When former President Obama was running for re-election in 2012, he made his famous “You Didn’t Build That” speech in Roanoke, Virginia. I blogged about it back in August 2012 and got almost a record number of comments.

Obama was right if all he meant is that in building your business, you needed roads and bridges that taxes paid for. But if you look at the speech, you’ll see that the famous statement about not building that comes right after a whole section in which he’s trying to justify letting the Bush tax cuts expire for the top 2%. In short, he wants to raise tax rates on the top 2%. Immediately after discussing taxes, he states the following:

There are a lot of wealthy, successful Americans who agree with me — because they want to give something back.  They know they didn’t — look, if you’ve been successful, you didn’t get there on your own.  You didn’t get there on your own.  I’m always struck by people who think, well, it must be because I was just so smart.  There are a lot of smart people out there.  It must be because I worked harder than everybody else.  Let me tell you something — there are a whole bunch of hardworking people out there.  (Applause.)

If you were successful, somebody along the line gave you some help.  There was a great teacher somewhere in your life.  Somebody helped to create this unbelievable American system that we have that allowed you to thrive.  Somebody invested in roads and bridges.  If you’ve got a business — you didn’t build that.  Somebody else made that happen.  The Internet didn’t get invented on its own.  Government research created the Internet so that all the companies could make money off the Internet.

Why rehash this now? Because Cato policy analyst Derek Bonett has a particularly nice way of laying out what’s wrong with Obama’s thinking. He does it with his “Tale of Two Commuters.” Here’s an excerpt:

Imagine two commuters living equidistant from a downtown city law firm. One is an attorney at the firm, the other is her secretary. Each drives to work, thereby obtaining some value from the use of public roads. Each, in turn, imposes a roughly equal amount of depreciation on those roads, the cost of which must be defrayed via taxes. But what about the value “built” by each of them once they reach their office?

The attorney will almost certainly command a far higher salary than will her secretary. Insofar as these salaries emerge from a competitive market for labor, they reflect, at least within an order of magnitude, the respective marginal products of these commuters’ labor. But, crucially, the attorney’s higher salary is not attributable to a greater consumption of public goods. She traversed the same roads on the way to work as did her secretary. The two of them rely on the same police and fire departments. They may have even attended the same local, public K-12 schools. The attorney’s higher salary is instead attributable to her command over a set of skills and human capital which are more scarce – and more valuable – on the market than are secretarial skills. The salary differential, and the difference in productivity it reflects, cannot be explained by differential public goods consumption. In each case, some degree of public goods and services may be a necessary complement to these employees’ labor, but they are not sufficient to explain their differential success in earning taxable income. In what way is society justified in expropriating a greater percentage of the attorney’s income because her labor is more productive, and therefore commands a higher salary?
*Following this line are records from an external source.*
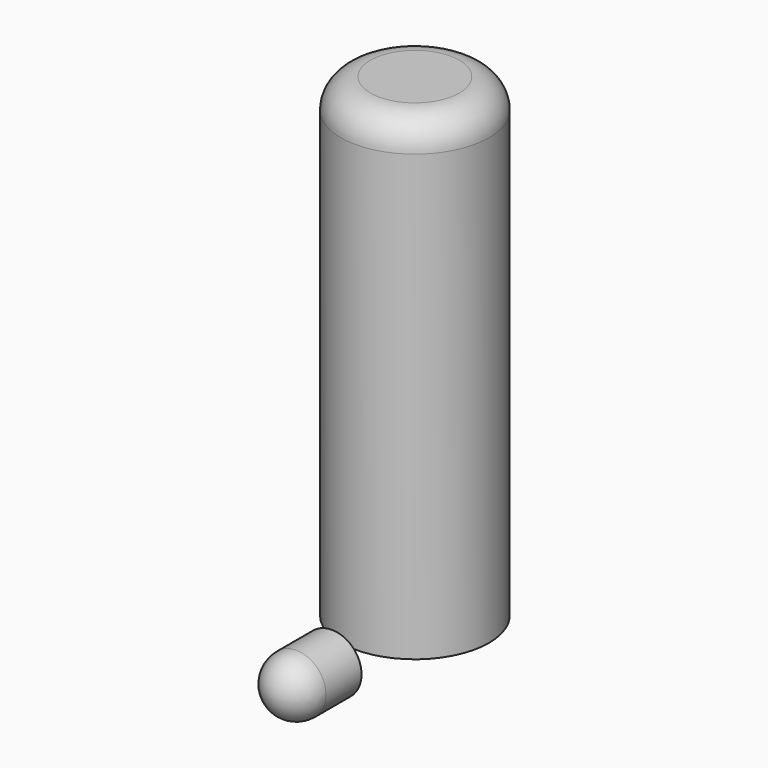
from build123d import *

# Parameters (mm, degrees)
F0_R      = 12.7
F1_DEPTH  = 76.2
F2_DEPTH  = 5.08
F3_R      = 5.08
F9_R      = 5.08
F10_DEPTH = 12.7
F11_R     = 5.08


with BuildPart() as f1:
    # F0 (on Top) → F1 (new body)
    with BuildSketch(Plane.XY):
        Circle(F0_R)
    extrude(amount=F1_DEPTH)

    # F2 (add): a face of the model
    f2_faces = [f1.faces().sort_by_distance(p)[0] for p in [
        (0, 0, 76.2),
    ]]
    extrude(f2_faces, amount=F2_DEPTH)

    # F3
    f3_edges = [f1.edges().sort_by_distance(p)[0] for p in [
        (-12.7, 0, 81.28),
    ]]
    fillet(f3_edges, radius=F3_R)


with BuildPart() as f10:
    # F9 (on plane+point) → F10 (new body)
    with BuildSketch(Plane.XZ.offset(17.78)):
        Circle(F9_R)
    extrude(amount=F10_DEPTH)

    # F11
    f11_edges = [f10.edges().sort_by_distance(p)[0] for p in [
        (-5.08, -30.48, 0),
    ]]
    fillet(f11_edges, radius=F11_R)


solid = Compound([f1.part, f10.part])

And here’s what follows for tax policy if you’re going to use government’s contribution to productivity as a basis for taxation:

The logic of “you didn’t build that” leads unavoidably to the following conclusion: few forms of proportional taxation, and certainly no progressive marginal rates, can be justified on the basis of public goods consumption.

I wouldn’t necessarily apply that to taxation for defense, because wealthier people have more to defend. (Note, though, that the so-called defense budget is mainly about offense. If we wanted a defense budget purely for defense, my guess is that we could cut the DoD budget by over 60%.) But Mr. Bonett is certainly right that you can’t justify progressive income taxes based on use of roads and bridges.